Great Application Problems — A Rubric

Kathy Clark Couey:

Can we see the “sturdy rubric describing the beginning, middle, and end of great application problems?”

Sure. The following rubric arose (without much coercion!) as we tried to resolve the different instructional outcomes between these two variations on the same theme.

What did we miss? Where did we overreach?


  • engage the students with multimedia – pictures, videos, sound.
  • the students come up with the question.
  • the students make predictions – “give me a guess.”
  • the students establish a range around their answer – “give me a wrong answer. give me an answer that’s too high, that’s too low.”
  • there isn’t information on the first image.
  • “announce the problem’s constraints quickly and clearly.”
  • ask questions that lend themselves to guesses: “how long? how many? how heavy? how far? how fast?”
  • try to translate questions that are harder to guess into questions that don’t change the objective but which lend themselves to guesses: “what is the area? what is the circumference?”


  • ask: “what information do you need to solve this?”
  • ask: “how do you know that?”
  • ask: “why?” “how?” – even on right answers.
  • encourage students to explain their reasoning to other students.
  • ask students to collaborate – “what do you think about jerold did?”
  • ask: “how would that help you?” after they tell you certain information is necessary.
  • ask: “what isn’t necessary to find the answer? what information don’t we care about?”


  • ask students to summarize the process.
  • sequel technique #1: change a variable. eg. change the height of the water tank. change the number of sides of the base. make it a hexagon or a dodecagon. change the rate of flow.
  • sequel technique #2: turn the answer into a question. at first we asked, “how many tickets are on a roll with a particular diameter?” now: “what’s the diameter of a roll that has 1,000,000 tickets?”
  • ask: “does the answer make sense?” – have them compare their answer to their ranges.
  • show, don’t tell, the answer – ie. the label said 2000 tickets; the timer said 8:12.
  • discuss sources of error.
I'm Dan and this is my blog. I'm a former high school math teacher and current head of teaching at Desmos. He / him. More here.


  1. In the beginning, for WCYDWT developers, and at the end, for students, ask “what else could you do with this?” What will/have we learned about solving what other problems?

  2. It is very interesting the confluence of what I would name curriculum and pedagogy that define a “great application problem.” It seems lots of conversation about correcting the woes of math education are about one or the other, hugely ignoring the interrelatedness of the two.

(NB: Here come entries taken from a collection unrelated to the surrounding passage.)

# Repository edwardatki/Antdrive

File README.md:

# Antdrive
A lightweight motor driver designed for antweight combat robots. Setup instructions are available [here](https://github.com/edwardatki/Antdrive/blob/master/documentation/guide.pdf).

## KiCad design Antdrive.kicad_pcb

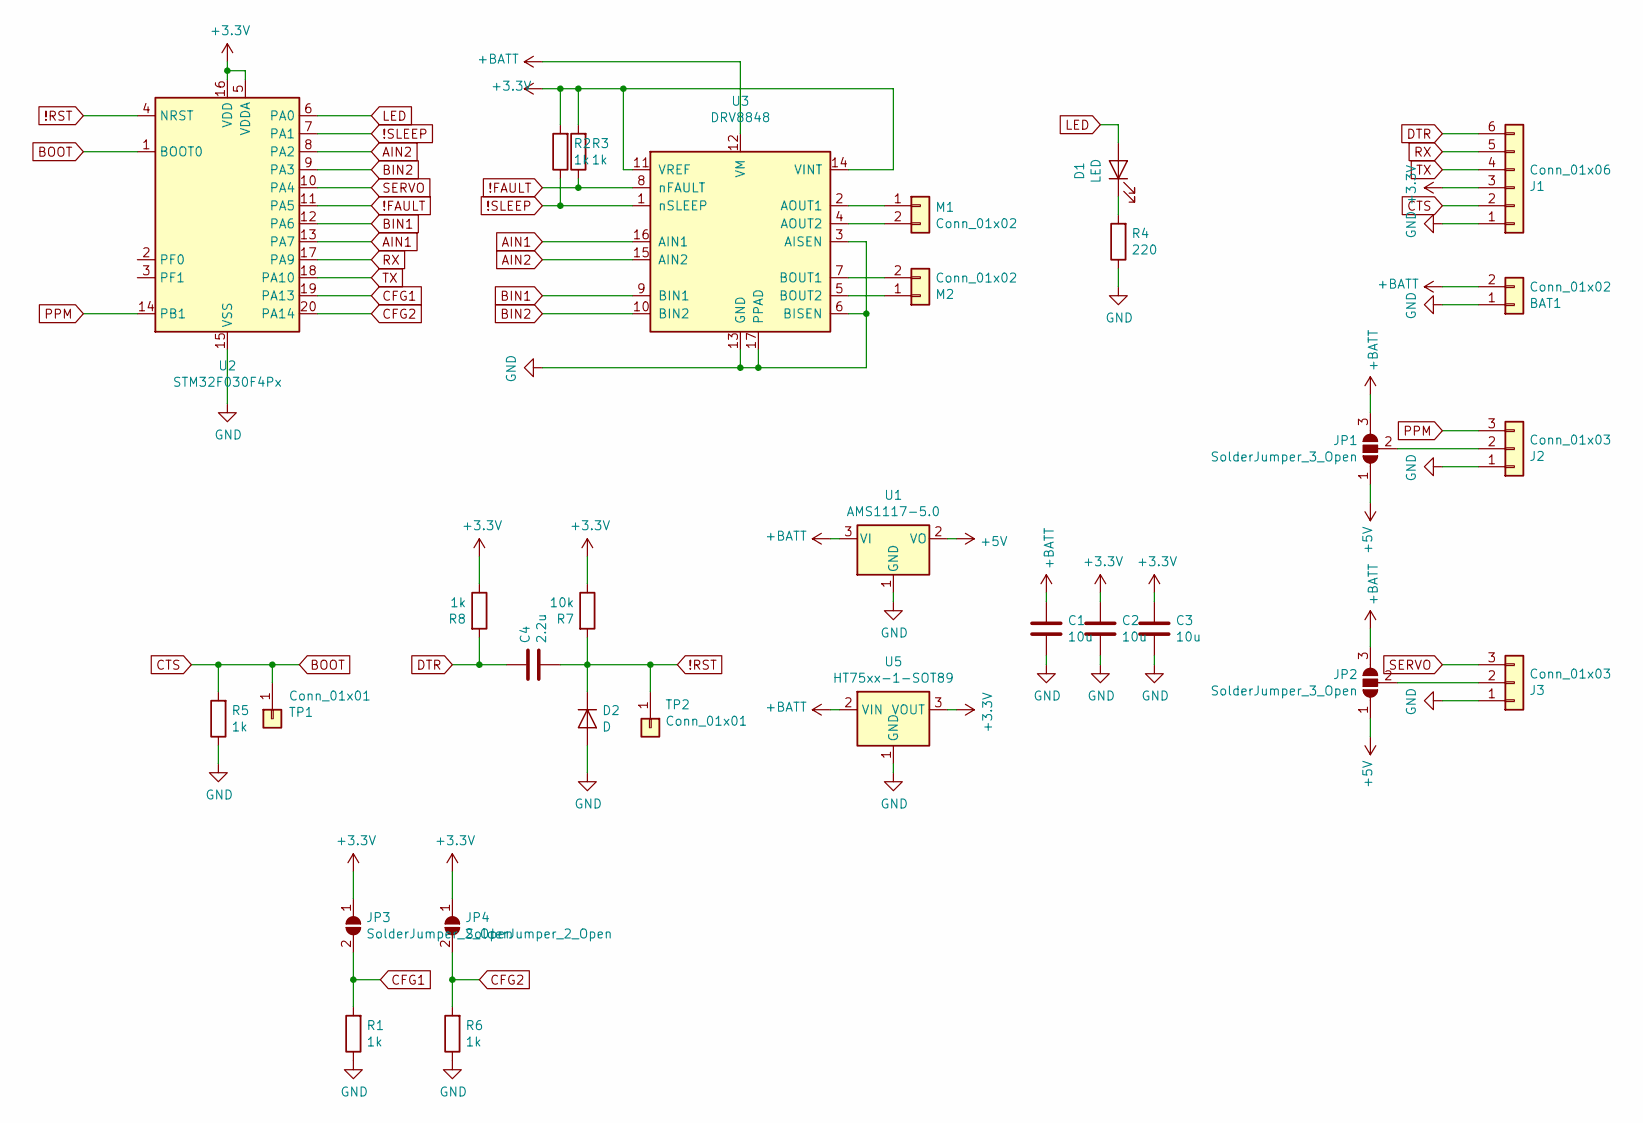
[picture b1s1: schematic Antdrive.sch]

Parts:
BAT1: Conn_01x02; PinHeader_1x02_P2.54mm_Vertical
C1, C2, C3: 10u; C_0603_1608Metric
C4: 2.2u; C_0603_1608Metric
D1: LED; LED_0603_1608Metric
D2: D; D_SOD-323
J1: Conn_01x06; PinSocket_1x06_P2.54mm_Vertical
J2, J3: Conn_01x03; PinHeader_1x03_P2.54mm_Vertical
JP1, JP2: SolderJumper_3_Open; SolderJumper-3_P1.3mm_Open_Pad1.0x1.5mm_NumberLabels
JP3, JP4: SolderJumper_2_Open; SolderJumper-2_P1.3mm_Open_Pad1.0x1.5mm
M1, M2: Conn_01x02; PinHeader_1x02_P2.54mm_Vertical
R1, R2, R3, R5, R6, R8: 1k; R_0603_1608Metric
R4: 220; R_0603_1608Metric
R7: 10k; R_0603_1608Metric
TP1, TP2: Conn_01x01; TestPoint_Pad_D2.0mm
U1: AMS1117-5.0; SOT-223-3_TabPin2
U2: STM32F030F4Px; TSSOP-20_4.4x6.5mm_P0.65mm
U3: DRV8848; TSSOP-16-1EP_4.4x5mm_P0.65mm
U5: HT75xx-1-SOT89; SOT-89-3

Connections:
!FAULT: R3.1, U2.11 (PA5), U3.8 (nFAULT)
!RST: C4.2, D2.1 (K), R7.2, TP2.1, U2.4 (NRST)
!SLEEP: R2.1, U2.7 (PA1), U3.1 (nSLEEP)
+3V3: C2.1, C3.1, J1.3, JP3.1 (A), JP4.1 (A), R2.2, R3.2, R7.1, R8.1, U2.5 (VDDA), U2.16 (VDD), U3.11 (VREF), U3.14 (VINT), U5.3 (VOUT)
+5V: JP1.1 (A), JP2.1 (A), U1.2 (VO)
+BATT: BAT1.2, C1.1, JP1.3 (B), JP2.3 (B), U1.3 (VI), U3.12 (VM), U5.2 (VIN)
AIN1: U2.13 (PA7), U3.16 (AIN1)
AIN2: U2.8 (PA2), U3.15 (AIN2)
BIN1: U2.12 (PA6), U3.9 (BIN1)
BIN2: U2.9 (PA3), U3.10 (BIN2)
BOOT: J1.2, R5.2, TP1.1, U2.1 (BOOT0)
CFG1: JP3.2 (B), R1.2, U2.19 (PA13)
CFG2: JP4.2 (B), R6.2, U2.20 (PA14)
DTR: C4.1, J1.6, R8.2
GND: BAT1.1, C1.2, C2.2, C3.2, D2.2 (A), J1.1, J2.1, J3.1, R1.1, R4.1, R5.1, R6.1, U1.1 (GND), U2.15 (VSS), U3.3 (AISEN), U3.6 (BISEN), U3.13 (GND), U3.17 (PPAD), U5.1 (GND)
LED: D1.2 (A), U2.6 (PA0)
unnamed: D1.1 (K), R4.2
unnamed: J2.2, JP1.2 (C)
unnamed: J3.2, JP2.2 (C)
unnamed: M1.1, U3.2 (AOUT1)
unnamed: M1.2, U3.4 (AOUT2)
unnamed: M2.1, U3.5 (BOUT2)
unnamed: M2.2, U3.7 (BOUT1)
PPM: J2.3, U2.14 (PB1)
RX: J1.5, U2.17 (PA9)
SERVO: J3.3, U2.10 (PA4)
TX: J1.4, U2.18 (PA10)

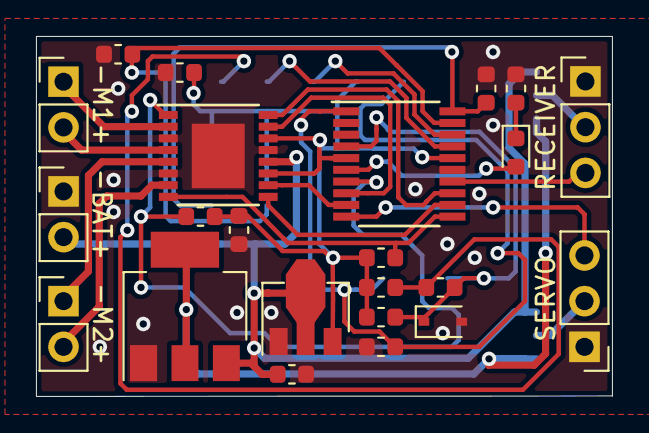
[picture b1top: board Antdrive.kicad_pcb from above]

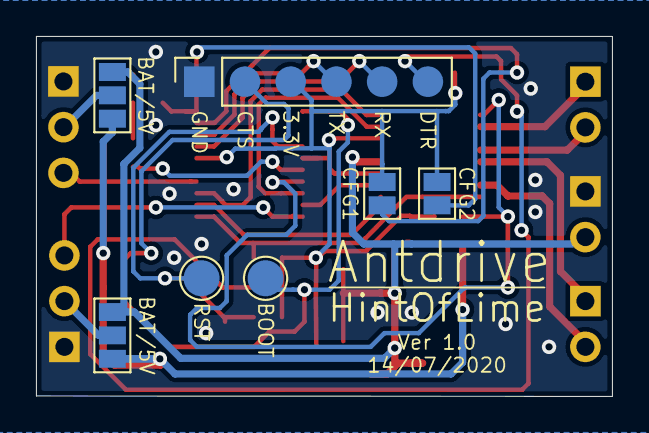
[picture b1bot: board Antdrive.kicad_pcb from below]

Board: 2 copper layers, 32.0 x 20.0 mm, 30 parts (7 on the bottom side), 27 nets.

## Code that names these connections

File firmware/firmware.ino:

#include <Servo.h>

// Pin definintions
#define MOT_1A_PIN PA7
#define MOT_1B_PIN PA2
#define MOT_2A_PIN PA6
#define MOT_2B_PIN PA3
#define MOT_SLEEP_PIN PA1
#define MOT_FAULT_PIN PA5
#define LED_PIN PA0
#define SERVO_PIN PA4
#define PPM_PIN PB1
#define CFG1_PIN PA13
#define CFG2_PIN PA14

// Deadzone for drive motors
#define DEADZONE 10

// Config options
static bool INPUT_MODE;
static bool MIXING;

// Servo object for outputting throttle channel
Servo weapon;

// PPM decoding configuration
#define PPM_MIN_SYNC 5000
#define PPM_MIN_PULSE 600
#define PPM_MAX_PULSE 1600

// PWM decoding configuration
#define PWM_MIN_PULSE 1000
#define PWM_MAX_PULSE 2000

#define CHANNELS 8
static int channels[CHANNELS];

static int lastUpdate;
static bool haveUpdate;

void ppmInterrupt () {
  static char counter = 0;
  static unsigned long startMicros = 0;

  bool val = digitalRead(PPM_PIN);
  
  if (val) {
    startMicros = micros();
  } else {
    int duration = micros() - startMicros;
    if (duration > PPM_MIN_SYNC) {
      counter = 0;
    } else {
      duration =  constrain(duration, PPM_MIN_PULSE, PPM_MAX_PULSE);
      channels[counter] = map(duration, PPM_MIN_PULSE, PPM_MAX_PULSE, -255, 255);
      counter += 1;
    }

    lastUpdate = millis();
    haveUpdate = true;
  }
}

void pwmInterruptA () {
  static unsigned long startMicros = 0;

  bool val = digitalRead(PPM_PIN);
  
  if (val) {
    startMicros = micros();
  } else {
    int duration = constrain(micros() - startMicros, PWM_MIN_PULSE, PPM_MAX_PULSE);
    channels[0] = map(duration, PWM_MIN_PULSE, PWM_MAX_PULSE, -255, 255);

    lastUpdate = millis();
    haveUpdate = true;
  }
}

void pwmInterruptB () {
  static unsigned long startMicros = 0;
  
  bool val = digitalRead(SERVO_PIN);
  
  if (val) {
    startMicros = micros();
  } else {
    int duration = constrain(micros() - startMicros, PWM_MIN_PULSE, PPM_MAX_PULSE);
    channels[1] = map(duration, PWM_MIN_PULSE, PWM_MAX_PULSE, -255, 255);

    lastUpdate = millis();
    haveUpdate = true;
  }
}

// Set motor 0 or 1 to a speed between -255 and 255
void setMotor (bool motor, int value) {
  if (motor == 0) {
    if (value > 0+DEADZONE) {
      analogWrite(MOT_1A_PIN, abs(value));
      digitalWrite(MOT_1B_PIN, LOW);
    } else if (value < 0-DEADZONE) {
      analogWrite(MOT_1A_PIN, 255-abs(value));
      digitalWrite(MOT_1B_PIN, HIGH);
    } else {
      analogWrite(MOT_1A_PIN, 255);
      digitalWrite(MOT_1B_PIN, HIGH);
    }
  } else {
    if (value > 0+DEADZONE) {
      analogWrite(MOT_2A_PIN, abs(value));
      digitalWrite(MOT_2B_PIN, LOW);
    } else if (value < 0-DEADZONE) {
      analogWrite(MOT_2A_PIN, 255-abs(value));
      digitalWrite(MOT_2B_PIN, HIGH);
    } else {
      analogWrite(MOT_2A_PIN, 255);
      digitalWrite(MOT_2B_PIN, HIGH);
    }
  }
}

void setup() {
  // Set pin modes (don't set PWM pins to OUTPUT on STM32)
  //pinMode(MOT_1A_PIN, OUTPUT);
  pinMode(MOT_1B_PIN, OUTPUT);
  //pinMode(MOT_2A_PIN, OUTPUT);
  pinMode(MOT_2B_PIN, OUTPUT);
  pinMode(MOT_SLEEP_PIN, OUTPUT);
  pinMode(MOT_FAULT_PIN, INPUT);
  pinMode(LED_PIN, OUTPUT);
  //pinMode(SERVO_PIN, OUTPUT);
  pinMode(PPM_PIN, INPUT_PULLUP);
  pinMode(CFG1_PIN, INPUT);
  pinMode(CFG2_PIN, INPUT);

  // Set motors to idle and disable motor driver
  setMotor(0, 0);
  setMotor(1, 0);
  digitalWrite(MOT_SLEEP_PIN, LOW);

  // Set configuration varialbles from config jumpers
  INPUT_MODE = digitalRead(CFG1_PIN);
  MIXING = digitalRead(CFG2_PIN);

  // Flash LED to indicate ready
  digitalWrite(LED_PIN, HIGH);
  delay(50);
  digitalWrite(LED_PIN, LOW);
  delay(100);
  digitalWrite(LED_PIN, HIGH);
  delay(50);
  digitalWrite(LED_PIN, LOW);
  delay(100);

  if (INPUT_MODE) {
    pinMode(SERVO_PIN, INPUT_PULLUP);
    attachInterrupt(PPM_PIN, pwmInterruptA, CHANGE);
    attachInterrupt(SERVO_PIN, pwmInterruptB, CHANGE);
  } else {
    attachInterrupt(PPM_PIN, ppmInterrupt, CHANGE);
  }
}

void loop() {
  // Fault check disabled because it's always comes back positive
  // Driver still operates so the problem is between driver and microcontrollerU
  /*
  // Check for motor driver fault
  if (!digitalRead(MOT_FAULT_PIN)) {
    // If fault detected flash led and exit loop
    digitalWrite(LED_PIN, HIGH);
    delay(50);
    digitalWrite(LED_PIN, LOW);
    delay(50);
    return;
  }
  */

  static bool signalReady = false;
  if (!signalReady) {
    static unsigned int readyCycles = 0;
    if (haveUpdate) readyCycles += 1;
    if (readyCycles > 500) {
      if (!INPUT) {
        // Attach weapon to pin and set to idle
        weapon.attach(SERVO_PIN, 1000, 2000);
        weapon.write(0);
      }

      signalReady = true;
    }
  } else {
    // Check if no signal for a while
    if (abs((int)millis() - lastUpdate) > 200) {
      // No signal so go to failsafe
      
      // Disable LED to indicate receiver disconnected
      digitalWrite(LED_PIN, LOW);
    
      // Disable motor driver
      digitalWrite(MOT_SLEEP_PIN, LOW);
    
      // Set motors to idle
      setMotor(0, 0);
      setMotor(1, 0);
  
      if (!INPUT_MODE) {
        // Set weapon to ilde
        weapon.write(0);
      }
    } else if (haveUpdate) {
      // Still got signal so update motor and weapon outputs
      
      // Enable LED to indicate receiver connected
      digitalWrite(LED_PIN, HIGH);
    
      // Enable motor driver
      digitalWrite(MOT_SLEEP_PIN, HIGH);
    
      // Check if channel mixing is enabled
      if (MIXING) {
        // Mix channels
        int mot1 = min(max(channels[1]-channels[0], -255), 255);
        int mot2 = min(max(channels[1]+channels[0], -255), 255);
        // Set motor speeds
        setMotor(0, mot1);
        setMotor(1, mot2);
      } else {
        // Set motor speeds
        setMotor(0, channels[0]);
        setMotor(1, channels[1]);
      }
  
      if (!INPUT_MODE) {
        // PWM mode
        // Write throttle channel to servo pin for weapon
        weapon.write(map(channels[2], -255, 255, 0, 180));
      }

      haveUpdate = false;
    }
  }
}

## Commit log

2020-05-16 Fix auto reset circuits
2020-05-29 Update schematic
2020-05-29 PCB updated
2020-05-29 Update production files
2020-05-30 Fix production file errors
2020-06-14 Initial firmware
2020-06-15 Ver 0.3
    Added config jumpers and hopefully fixed programming circuitry
2020-07-14 Added documentation
2020-07-14 Update documentation
2020-07-14 Reorganize files
2020-07-14 Add PWM control mode
2020-07-14 Update firmware
2020-07-18 Minor fixes
2020-10-10 Add programming instructions
2020-11-10 Move receiver signal processing into interrupts and enable motor braking

  3. @blaw0013: Good point, there is much overlap between the two. This rubric is not so much a measure of the design of the problem, but of that plus the playing out of the process of wrestling with the (well-designed) problem. As Dan took us through this process, I was continually impressed with the quality and impact of his questioning. Note all the “asks” in the middle portion.

    The power of quality questions–from the driving opening question, to helping students craft good questions, to asking challenging questions throughout, to ending with key summary questions–is common across the curriculum.